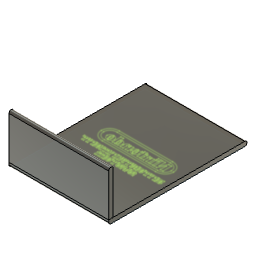
Nintendo Entertainment System Bookend (Autodesk Fusion 360 design; units mm, degrees)
Autodesk Fusion 360 part; units mm, degrees
sketch "Sketch1" plane through (0, 0, 0) normal (0, 0, 1) x (1, 0, 0)
  line L0 (0, 0) -> (67, 0)
  line L1 (67, 0) -> (67, 90)
  line L2 (67, 90) -> (0, 90)
  line L3 (0, 90) -> (0, 0)
  line L4 (0, 0) -> (67, 0)
  line L5 (67, 0) -> (67, -3)
  line L6 (67, -3) -> (0, -3)
  line L7 (0, -3) -> (0, 0)
  dimension "d1" = 67
  dimension "d2" = 90
  dimension "d3" = 67
  dimension "d4" = 3
  constraint horizontal L0
  constraint vertical L1
  constraint horizontal L2
  constraint vertical L3
  constraint coincident L0.start L3.end
  constraint horizontal L4
  constraint vertical L5
  constraint horizontal L6
  constraint vertical L7
  measures "d1" distance of L0.start L0.end
  measures "d2" distance of L0.start L2.end
  measures "d3" distance of L0.start L0.end
  measures "d4" distance of L0.start L6.end
extrude "Extrude1" add sketch "Sketch1" against normal blind 3 makes body 1
extrude "Extrude2" add sketch "Sketch1" along normal blind 30 separate body contours L0 L4 L5 L6 L7 makes body 2
fillet "Fillet1" radius 1.5 1 edges at (33.5, -3, -3) on bodies 1
fillet "Fillet2" radius 1.5 3 edges at (33.5, 90, -3) (33.5, -3, 30) (33.5, 0, 30) on bodies 1 2
fillet "Fillet3" radius 1.5 1 edges at (33.5, 90, 0) on bodies 1
sketch "Sketch2" plane through (0, 0, -3) normal (0, 0, -1) x (1, 0, 0)
  line L0 (0, -88.5) -> (67, -88.5)
  line L1 (67, -88.5) -> (67, 1.5)
  line L2 (67, 1.5) -> (0, 1.5)
  line L3 (0, 1.5) -> (0, -88.5)
  line L4 (53.2046, -41.1196) -> (56.3109, -41.1196)
  line L5 (56.3109, -41.1196) -> (56.3109, -38.078)
  line L6 (56.3109, -38.078) -> (55.3464, -38.078)
  line L7 (55.3464, -38.078) -> (55.3464, -40.1128)
  spline S0 degree 3 poles (55.3464, -40.1128) (55.3464, -40.2417) (55.2397, -40.3486) (55.111, -40.3486) knots 0 0 0 0 1 1 1 1
  line L8 (55.111, -40.3486) -> (53.4406, -40.3486)
  spline S1 degree 3 poles (53.4406, -40.3486) (53.3124, -40.3486) (53.2046, -40.2417) (53.2046, -40.1128) knots 0 0 0 0 1 1 1 1
  line L9 (53.2046, -40.1128) -> (53.2046, -38.078)
  line L10 (53.2046, -38.078) -> (52.2413, -38.078)
  line L11 (52.2413, -38.078) -> (52.2413, -40.1128)
  spline S2 degree 2 poles (52.2413, -40.1128) (52.1124, -41.1196) (53.2046, -41.1196) knots 0 0 0 1 1 1
  line L12 (26.3683, -41.1196) -> (29.4748, -41.1196)
  line L13 (29.4748, -41.1196) -> (29.4748, -38.078)
  line L14 (29.4748, -38.078) -> (28.4897, -38.078)
  line L15 (28.4897, -38.078) -> (28.4897, -40.1128)
  spline S3 degree 3 poles (28.4897, -40.1128) (28.4897, -40.2417) (28.3819, -40.3486) (28.2749, -40.3486) knots 0 0 0 0 1 1 1 1
  line L16 (28.2749, -40.3486) -> (26.6038, -40.3486)
  spline S4 degree 3 poles (26.6038, -40.3486) (26.4759, -40.3486) (26.3683, -40.2417) (26.3683, -40.1128) knots 0 0 0 0 1 1 1 1
  line L17 (26.3683, -40.1128) -> (26.3683, -38.078)
  line L18 (26.3683, -38.078) -> (25.4052, -38.078)
  line L19 (25.4052, -38.078) -> (25.4052, -40.1128)
  spline S5 degree 2 poles (25.4052, -40.1128) (25.2768, -41.1196) (26.3683, -41.1196) knots 0 0 0 1 1 1
  line L20 (11.74, -41.1196) -> (14.846, -41.1196)
  line L21 (14.846, -41.1196) -> (14.846, -38.078)
  line L22 (14.846, -38.078) -> (13.8814, -38.078)
  line L23 (13.8814, -38.078) -> (13.8814, -40.1128)
  spline S6 degree 3 poles (13.8814, -40.1128) (13.8814, -40.2417) (13.7753, -40.3486) (13.6459, -40.3486) knots 0 0 0 0 1 1 1 1
  line L24 (13.6459, -40.3486) -> (11.9756, -40.3486)
  spline S7 degree 3 poles (11.9756, -40.3486) (11.8477, -40.3486) (11.74, -40.2417) (11.74, -40.1128) knots 0 0 0 0 1 1 1 1
  line L25 (11.74, -40.1128) -> (11.74, -38.078)
  line L26 (11.74, -38.078) -> (10.7763, -38.078)
  line L27 (10.7763, -38.078) -> (10.7763, -40.1128)
  spline S8 degree 2 poles (10.7763, -40.1128) (10.6485, -41.1196) (11.74, -41.1196) knots 0 0 0 1 1 1
  line L28 (51.8126, -40.3486) -> (50.7419, -40.3486)
  spline S9 degree 3 poles (50.7419, -40.3486) (50.6348, -40.3486) (50.5059, -40.2417) (50.5059, -40.1128) knots 0 0 0 0 1 1 1 1
  line L29 (50.5059, -40.1128) -> (50.5059, -38.078)
  line L30 (50.5059, -38.078) -> (49.4786, -38.078)
  line L31 (49.4786, -38.078) -> (49.4786, -40.1128)
  spline S10 degree 3 poles (49.4786, -40.1128) (49.4786, -40.2417) (49.3709, -40.3486) (49.2427, -40.3486) knots 0 0 0 0 1 1 1 1
  line L32 (49.2427, -40.3486) -> (48.172, -40.3486)
  line L33 (48.172, -40.3486) -> (48.172, -41.1196)
  line L34 (48.172, -41.1196) -> (51.8126, -41.1196)
  line L35 (51.8126, -41.1196) -> (51.8126, -40.3486)
  line L36 (10.3698, -41.1196) -> (10.3698, -40.3486)
  line L37 (10.3698, -40.3486) -> (9.2984, -40.3486)
  spline S11 degree 3 poles (9.2984, -40.3486) (9.1706, -40.3486) (9.0628, -40.2417) (9.0628, -40.1128) knots 0 0 0 0 1 1 1 1
  line L38 (9.0628, -40.1128) -> (9.0628, -38.078)
  line L39 (9.0628, -38.078) -> (7.9914, -38.078)
  line L40 (7.9914, -38.078) -> (7.9914, -40.1128)
  spline S12 degree 3 poles (7.9914, -40.1128) (7.9914, -40.2417) (7.9067, -40.3486) (7.7782, -40.3486) knots 0 0 0 0 1 1 1 1
  line L41 (7.7782, -40.3486) -> (6.7068, -40.3486)
  line L42 (6.7068, -40.3486) -> (6.7068, -41.1196)
  line L43 (6.7068, -41.1196) -> (10.3698, -41.1196)
  line L44 (39.5829, -40.3486) -> (38.5121, -40.3486)
  spline S13 degree 3 poles (38.5121, -40.3486) (38.3839, -40.3486) (38.2763, -40.2417) (38.2763, -40.1128) knots 0 0 0 0 1 1 1 1
  line L45 (38.2763, -40.1128) -> (38.2763, -38.078)
  line L46 (38.2763, -38.078) -> (37.2063, -38.078)
  line L47 (37.2063, -38.078) -> (37.2063, -40.1128)
  spline S14 degree 3 poles (37.2063, -40.1128) (37.2063, -40.2417) (37.0985, -40.3486) (36.9696, -40.3486) knots 0 0 0 0 1 1 1 1
  line L48 (36.9696, -40.3486) -> (35.8996, -40.3486)
  line L49 (35.8996, -40.3486) -> (35.8996, -41.1196)
  line L50 (35.8996, -41.1196) -> (39.5829, -41.1196)
  line L51 (39.5829, -41.1196) -> (39.5829, -40.3486)
  line L52 (31.1446, -41.1196) -> (30.1168, -41.1196)
  line L53 (30.1168, -41.1196) -> (30.1168, -38.0781)
  line L54 (30.1168, -38.0781) -> (31.1446, -38.0781)
  line L55 (31.1446, -38.0781) -> (31.1446, -41.1196)
  line L56 (32.7941, -39.6198) -> (34.528, -39.6198)
  line L57 (34.528, -39.6198) -> (34.528, -40.1555)
  spline S15 degree 3 poles (34.528, -40.1555) (34.528, -40.2417) (34.3998, -40.3486) (34.3359, -40.3486) knots 0 0 0 0 1 1 1 1
  line L58 (34.3359, -40.3486) -> (33.0296, -40.3486)
  spline S16 degree 3 poles (33.0296, -40.3486) (32.8802, -40.3486) (32.7941, -40.2417) (32.7941, -40.1555) knots 0 0 0 0 1 1 1 1
  line L59 (32.7941, -40.1555) -> (32.7941, -39.6198)
  line L60 (32.8156, -41.1196) -> (34.5075, -41.1196)
  spline S17 degree 2 poles (34.5075, -41.1196) (35.5998, -41.1196) (35.5136, -40.1128) knots 0 0 0 1 1 1
  line L61 (35.5136, -40.1128) -> (35.5136, -38.078)
  line L62 (35.5136, -38.078) -> (34.528, -38.078)
  line L63 (34.528, -38.078) -> (34.528, -38.8485)
  line L64 (34.528, -38.8485) -> (32.7941, -38.8485)
  line L65 (32.7941, -38.8485) -> (32.7941, -38.078)
  line L66 (32.7941, -38.078) -> (31.8095, -38.078)
  line L67 (31.8095, -38.078) -> (31.8095, -40.1128)
  spline S18 degree 2 poles (31.8095, -40.1128) (31.681, -41.1196) (32.8156, -41.1196) knots 0 0 0 1 1 1
  spline S19 degree 3 poles (40.9539, -39.8553) (40.9539, -39.706) (41.0177, -39.6198) (41.1466, -39.6198) knots 0 0 0 0 1 1 1 1
  line L68 (41.1466, -39.6198) -> (42.5603, -39.6198)
  spline S20 degree 3 poles (42.5603, -39.6198) (42.6242, -39.6198) (42.7096, -39.706) (42.7096, -39.8553) knots 0 0 0 0 1 1 1 1
  line L69 (42.7096, -39.8553) -> (42.7096, -40.1555)
  spline S21 degree 3 poles (42.7096, -40.1555) (42.7096, -40.2844) (42.6242, -40.3913) (42.496, -40.3913) knots 0 0 0 0 1 1 1 1
  line L70 (42.496, -40.3913) -> (41.1466, -40.3913)
  spline S22 degree 3 poles (41.1466, -40.3913) (41.0177, -40.3913) (40.9539, -40.3278) (40.9539, -40.1555) knots 0 0 0 0 1 1 1 1
  line L71 (40.9539, -40.1555) -> (40.9539, -39.8553)
  line L72 (40.975, -41.1196) -> (43.7165, -41.1196)
  line L73 (43.7165, -41.1196) -> (43.7165, -38.078)
  line L74 (43.7165, -38.078) -> (42.7096, -38.078)
  line L75 (42.7096, -38.078) -> (42.7096, -38.6568)
  spline S23 degree 3 poles (42.7096, -38.6568) (42.7096, -38.7852) (42.6242, -38.8485) (42.496, -38.8485) knots 0 0 0 0 1 1 1 1
  line L76 (42.496, -38.8485) -> (41.1466, -38.8485)
  spline S24 degree 3 poles (41.1466, -38.8485) (41.0826, -38.8485) (40.9539, -38.7415) (40.9539, -38.6568) knots 0 0 0 0 1 1 1 1
  line L77 (40.9539, -38.6568) -> (40.9539, -38.078)
  line L78 (40.9539, -38.078) -> (39.9904, -38.078)
  line L79 (39.9904, -38.078) -> (39.9904, -38.5485)
  spline S25 degree 2 poles (39.9904, -38.5485) (39.9043, -38.9784) (40.3542, -39.2779) knots 0 0 0 1 1 1
  spline S26 degree 3 poles (40.3542, -39.2779) (40.0543, -39.4919) (39.947, -39.8123) (39.9255, -40.0061) knots 0 0 0 0 1 1 1 1
  spline S27 degree 2 poles (39.9255, -40.0061) (39.9043, -40.0916) (39.9043, -40.1555) knots 0 0 0 1 1 1
  spline S28 degree 2 poles (39.9043, -40.1555) (39.9043, -41.1196) (40.975, -41.1196) knots 0 0 0 1 1 1
  spline S29 degree 2 poles (60.3589, -39.0848) (60.4657, -38.078) (59.3518, -38.078) knots 0 0 0 1 1 1
  line L80 (59.3518, -38.078) -> (56.9529, -38.078)
  line L81 (56.9529, -38.078) -> (56.9529, -38.8485)
  line L82 (56.9529, -38.8485) -> (59.1808, -38.8485)
  spline S30 degree 3 poles (59.1808, -38.8485) (59.3306, -38.8485) (59.4595, -38.9784) (59.4595, -39.1057) knots 0 0 0 0 1 1 1 1
  spline S31 degree 3 poles (59.4595, -39.1057) (59.4595, -39.2556) (59.3518, -39.3418) (59.1808, -39.3418) knots 0 0 0 0 1 1 1 1
  line L83 (59.1808, -39.3418) -> (57.0811, -39.3418)
  line L84 (57.0811, -39.3418) -> (57.0811, -39.8769)
  line L85 (57.0811, -39.8769) -> (59.2236, -39.8769)
  spline S32 degree 3 poles (59.2236, -39.8769) (59.3518, -39.8769) (59.4595, -39.9839) (59.4595, -40.1128) knots 0 0 0 0 1 1 1 1
  spline S33 degree 3 poles (59.4595, -40.1128) (59.4595, -40.2417) (59.3518, -40.3486) (59.2236, -40.3486) knots 0 0 0 0 1 1 1 1
  line L86 (59.2236, -40.3486) -> (56.9529, -40.3486)
  line L87 (56.9529, -40.3486) -> (56.9529, -41.1196)
  line L88 (56.9529, -41.1196) -> (60.3589, -41.1196)
  line L89 (60.3589, -41.1196) -> (60.3589, -39.0848)
  spline S34 degree 2 poles (47.7217, -39.0848) (47.8722, -38.078) (46.7577, -38.078) knots 0 0 0 1 1 1
  line L90 (46.7577, -38.078) -> (44.3588, -38.078)
  line L91 (44.3588, -38.078) -> (44.3588, -38.8485)
  line L92 (44.3588, -38.8485) -> (46.5867, -38.8485)
  spline S35 degree 3 poles (46.5867, -38.8485) (46.7372, -38.8485) (46.8654, -38.9784) (46.8654, -39.1057) knots 0 0 0 0 1 1 1 1
  spline S36 degree 3 poles (46.8654, -39.1057) (46.8654, -39.2556) (46.7372, -39.3418) (46.5867, -39.3418) knots 0 0 0 0 1 1 1 1
  line L93 (46.5867, -39.3418) -> (44.4877, -39.3418)
  line L94 (44.4877, -39.3418) -> (44.4877, -39.8769)
  line L95 (44.4877, -39.8769) -> (46.5867, -39.8769)
  spline S37 degree 3 poles (46.5867, -39.8769) (46.7372, -39.8769) (46.8654, -39.9839) (46.8654, -40.1128) knots 0 0 0 0 1 1 1 1
  spline S38 degree 3 poles (46.8654, -40.1128) (46.8654, -40.2417) (46.7372, -40.3486) (46.5867, -40.3486) knots 0 0 0 0 1 1 1 1
  line L96 (46.5867, -40.3486) -> (44.3588, -40.3486)
  line L97 (44.3588, -40.3486) -> (44.3588, -41.1196)
  line L98 (44.3588, -41.1196) -> (47.7217, -41.1196)
  line L99 (47.7217, -41.1196) -> (47.7217, -39.0848)
  spline S39 degree 2 poles (18.8509, -39.0848) (18.9586, -38.078) (17.8656, -38.078) knots 0 0 0 1 1 1
  line L100 (17.8656, -38.078) -> (15.4456, -38.078)
  line L101 (15.4456, -38.078) -> (15.4456, -38.8485)
  line L102 (15.4456, -38.8485) -> (17.6948, -38.8485)
  spline S40 degree 3 poles (17.6948, -38.8485) (17.8232, -38.8485) (17.9517, -38.9784) (17.9517, -39.1057) knots 0 0 0 0 1 1 1 1
  spline S41 degree 3 poles (17.9517, -39.1057) (17.9517, -39.2556) (17.8656, -39.3418) (17.7156, -39.3418) knots 0 0 0 0 1 1 1 1
  line L103 (17.7156, -39.3418) -> (15.6172, -39.3418)
  line L104 (15.6172, -39.3418) -> (15.6172, -39.8769)
  line L105 (15.6172, -39.8769) -> (17.7156, -39.8769)
  spline S42 degree 3 poles (17.7156, -39.8769) (17.8656, -39.8769) (17.9517, -39.9839) (17.9517, -40.1128) knots 0 0 0 0 1 1 1 1
  spline S43 degree 3 poles (17.9517, -40.1128) (17.9517, -40.2417) (17.8656, -40.3486) (17.7156, -40.3486) knots 0 0 0 0 1 1 1 1
  line L106 (17.7156, -40.3486) -> (15.4456, -40.3486)
  line L107 (15.4456, -40.3486) -> (15.4456, -41.1196)
  line L108 (15.4456, -41.1196) -> (18.8509, -41.1196)
  line L109 (18.8509, -41.1196) -> (18.8509, -39.0848)
  line L110 (20.45, -41.1156) -> (24.7558, -41.1156)
  line L111 (24.7558, -41.1156) -> (24.7558, -38.0745)
  line L112 (24.7558, -38.0745) -> (23.856, -38.0745)
  line L113 (23.856, -38.0745) -> (23.856, -40.1088)
  spline S44 degree 3 poles (23.856, -40.1088) (23.856, -40.2369) (23.749, -40.3443) (23.6204, -40.3443) knots 0 0 0 0 1 1 1 1
  line L114 (23.6204, -40.3443) -> (22.8928, -40.3443)
  spline S45 degree 3 poles (22.8928, -40.3443) (22.7638, -40.3443) (22.6561, -40.2369) (22.6561, -40.1088) knots 0 0 0 0 1 1 1 1
  line L115 (22.6561, -40.1088) -> (22.6561, -38.0745)
  line L116 (22.6561, -38.0745) -> (21.6499, -38.0745)
  line L117 (21.6499, -38.0745) -> (21.6499, -40.1088)
  spline S46 degree 3 poles (21.6499, -40.1088) (21.6499, -40.2369) (21.5638, -40.3443) (21.4143, -40.3443) knots 0 0 0 0 1 1 1 1
  line L118 (21.4143, -40.3443) -> (20.643, -40.3443)
  spline S47 degree 3 poles (20.643, -40.3443) (20.5577, -40.3443) (20.45, -40.2369) (20.45, -40.1088) knots 0 0 0 0 1 1 1 1
  line L119 (20.45, -40.1088) -> (20.4082, -38.0745)
  line L120 (20.4082, -38.0745) -> (19.4445, -38.0745)
  line L121 (19.4445, -38.0745) -> (19.4445, -40.1088)
  spline S48 degree 2 poles (19.4445, -40.1088) (19.316, -41.1156) (20.45, -41.1156) knots 0 0 0 1 1 1
  line L122 (34.143, -36.1081) -> (33.0511, -36.1081)
  spline S49 degree 3 poles (33.0511, -36.1081) (32.9664, -36.1081) (32.8587, -36.0004) (32.8587, -35.8726) knots 0 0 0 0 1 1 1 1
  line L123 (32.8587, -35.8726) -> (32.8587, -33.8382)
  line L124 (32.8587, -33.8382) -> (31.7872, -33.8382)
  line L125 (31.7872, -33.8382) -> (31.7448, -35.8726)
  spline S50 degree 3 poles (31.7448, -35.8726) (31.7448, -36.0004) (31.681, -36.1081) (31.5517, -36.1081) knots 0 0 0 0 1 1 1 1
  line L126 (31.5517, -36.1081) -> (30.4803, -36.1081)
  line L127 (30.4803, -36.1081) -> (30.4803, -36.8787)
  line L128 (30.4803, -36.8787) -> (34.143, -36.8787)
  line L129 (34.143, -36.8787) -> (34.143, -36.1081)
  line L130 (21.7636, -36.8787) -> (26.0681, -36.8787)
  line L131 (26.0681, -36.8787) -> (26.0681, -33.8382)
  line L132 (26.0681, -33.8382) -> (25.169, -33.8382)
  line L133 (25.169, -33.8382) -> (25.169, -35.8726)
  spline S51 degree 3 poles (25.169, -35.8726) (25.169, -36.0004) (25.062, -36.1081) (24.9334, -36.1081) knots 0 0 0 0 1 1 1 1
  line L134 (24.9334, -36.1081) -> (24.2053, -36.1081)
  spline S52 degree 3 poles (24.2053, -36.1081) (24.0774, -36.1081) (23.9704, -36.0004) (23.9704, -35.8726) knots 0 0 0 0 1 1 1 1
  line L135 (23.9704, -35.8726) -> (23.9704, -33.8382)
  line L136 (23.9704, -33.8382) -> (22.9637, -33.8382)
  line L137 (22.9637, -33.8382) -> (22.9637, -35.8726)
  spline S53 degree 3 poles (22.9637, -35.8726) (22.9637, -36.0004) (22.8781, -36.1081) (22.7274, -36.1081) knots 0 0 0 0 1 1 1 1
  line L138 (22.7274, -36.1081) -> (21.9568, -36.1081)
  spline S54 degree 3 poles (21.9568, -36.1081) (21.8707, -36.1081) (21.7636, -36.0004) (21.7636, -35.8726) knots 0 0 0 0 1 1 1 1
  line L139 (21.7636, -35.8726) -> (21.7206, -33.8382)
  line L140 (21.7206, -33.8382) -> (20.7568, -33.8382)
  line L141 (20.7568, -33.8382) -> (20.7568, -35.8726)
  spline S55 degree 2 poles (20.7568, -35.8726) (20.629, -36.8787) (21.7636, -36.8787) knots 0 0 0 1 1 1
  line L142 (38.5549, -36.8787) -> (39.4762, -36.8787)
  line L143 (39.4762, -36.8787) -> (39.4762, -35.7434)
  spline S56 degree 3 poles (39.4762, -35.7434) (39.4762, -35.6161) (39.6044, -35.5085) (39.7111, -35.5085) knots 0 0 0 0 1 1 1 1
  line L144 (39.7111, -35.5085) -> (41.0826, -35.5085)
  spline S57 degree 3 poles (41.0826, -35.5085) (41.2108, -35.5085) (41.3182, -35.6161) (41.3182, -35.7434) knots 0 0 0 0 1 1 1 1
  line L145 (41.3182, -35.7434) -> (41.3182, -36.8787)
  line L146 (41.3182, -36.8787) -> (42.2816, -36.8787)
  line L147 (42.2816, -36.8787) -> (42.2816, -35.7649)
  spline S58 degree 2 poles (42.2816, -35.7649) (42.3886, -34.7379) (41.2748, -34.7379) knots 0 0 0 1 1 1
  line L148 (41.2748, -34.7379) -> (40.9539, -34.7379)
  line L149 (40.9539, -34.7379) -> (40.9539, -33.8382)
  line L150 (40.9539, -33.8382) -> (39.8827, -33.8382)
  line L151 (39.8827, -33.8382) -> (39.8827, -34.7379)
  line L152 (39.8827, -34.7379) -> (39.5189, -34.7379)
  spline S59 degree 2 poles (39.5189, -34.7379) (38.4051, -34.7379) (38.5549, -35.7434) knots 0 0 0 1 1 1
  line L153 (38.5549, -35.7434) -> (38.5549, -36.8787)
  spline S60 degree 2 poles (30.0739, -34.8443) (30.2238, -33.8382) (29.1101, -33.8382) knots 0 0 0 1 1 1
  line L154 (29.1101, -33.8382) -> (26.7115, -33.8382)
  line L155 (26.7115, -33.8382) -> (26.7115, -34.6093)
  line L156 (26.7115, -34.6093) -> (28.9385, -34.6093)
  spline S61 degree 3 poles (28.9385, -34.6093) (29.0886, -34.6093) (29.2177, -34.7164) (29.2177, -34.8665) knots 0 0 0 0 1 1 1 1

**EXERCISE DETAILS**
Look above for the line holding "line L86 (59.2236, -40.3486)", then set down exactly that line and every line after it up to and including the line holding "line L99 (47.7217, -41.1196)", with nothing else.

**RESPONSE TO THE TASK**
  line L86 (59.2236, -40.3486) -> (56.9529, -40.3486)
  line L87 (56.9529, -40.3486) -> (56.9529, -41.1196)
  line L88 (56.9529, -41.1196) -> (60.3589, -41.1196)
  line L89 (60.3589, -41.1196) -> (60.3589, -39.0848)
  spline S34 degree 2 poles (47.7217, -39.0848) (47.8722, -38.078) (46.7577, -38.078) knots 0 0 0 1 1 1
  line L90 (46.7577, -38.078) -> (44.3588, -38.078)
  line L91 (44.3588, -38.078) -> (44.3588, -38.8485)
  line L92 (44.3588, -38.8485) -> (46.5867, -38.8485)
  spline S35 degree 3 poles (46.5867, -38.8485) (46.7372, -38.8485) (46.8654, -38.9784) (46.8654, -39.1057) knots 0 0 0 0 1 1 1 1
  spline S36 degree 3 poles (46.8654, -39.1057) (46.8654, -39.2556) (46.7372, -39.3418) (46.5867, -39.3418) knots 0 0 0 0 1 1 1 1
  line L93 (46.5867, -39.3418) -> (44.4877, -39.3418)
  line L94 (44.4877, -39.3418) -> (44.4877, -39.8769)
  line L95 (44.4877, -39.8769) -> (46.5867, -39.8769)
  spline S37 degree 3 poles (46.5867, -39.8769) (46.7372, -39.8769) (46.8654, -39.9839) (46.8654, -40.1128) knots 0 0 0 0 1 1 1 1
  spline S38 degree 3 poles (46.8654, -40.1128) (46.8654, -40.2417) (46.7372, -40.3486) (46.5867, -40.3486) knots 0 0 0 0 1 1 1 1
  line L96 (46.5867, -40.3486) -> (44.3588, -40.3486)
  line L97 (44.3588, -40.3486) -> (44.3588, -41.1196)
  line L98 (44.3588, -41.1196) -> (47.7217, -41.1196)
  line L99 (47.7217, -41.1196) -> (47.7217, -39.0848)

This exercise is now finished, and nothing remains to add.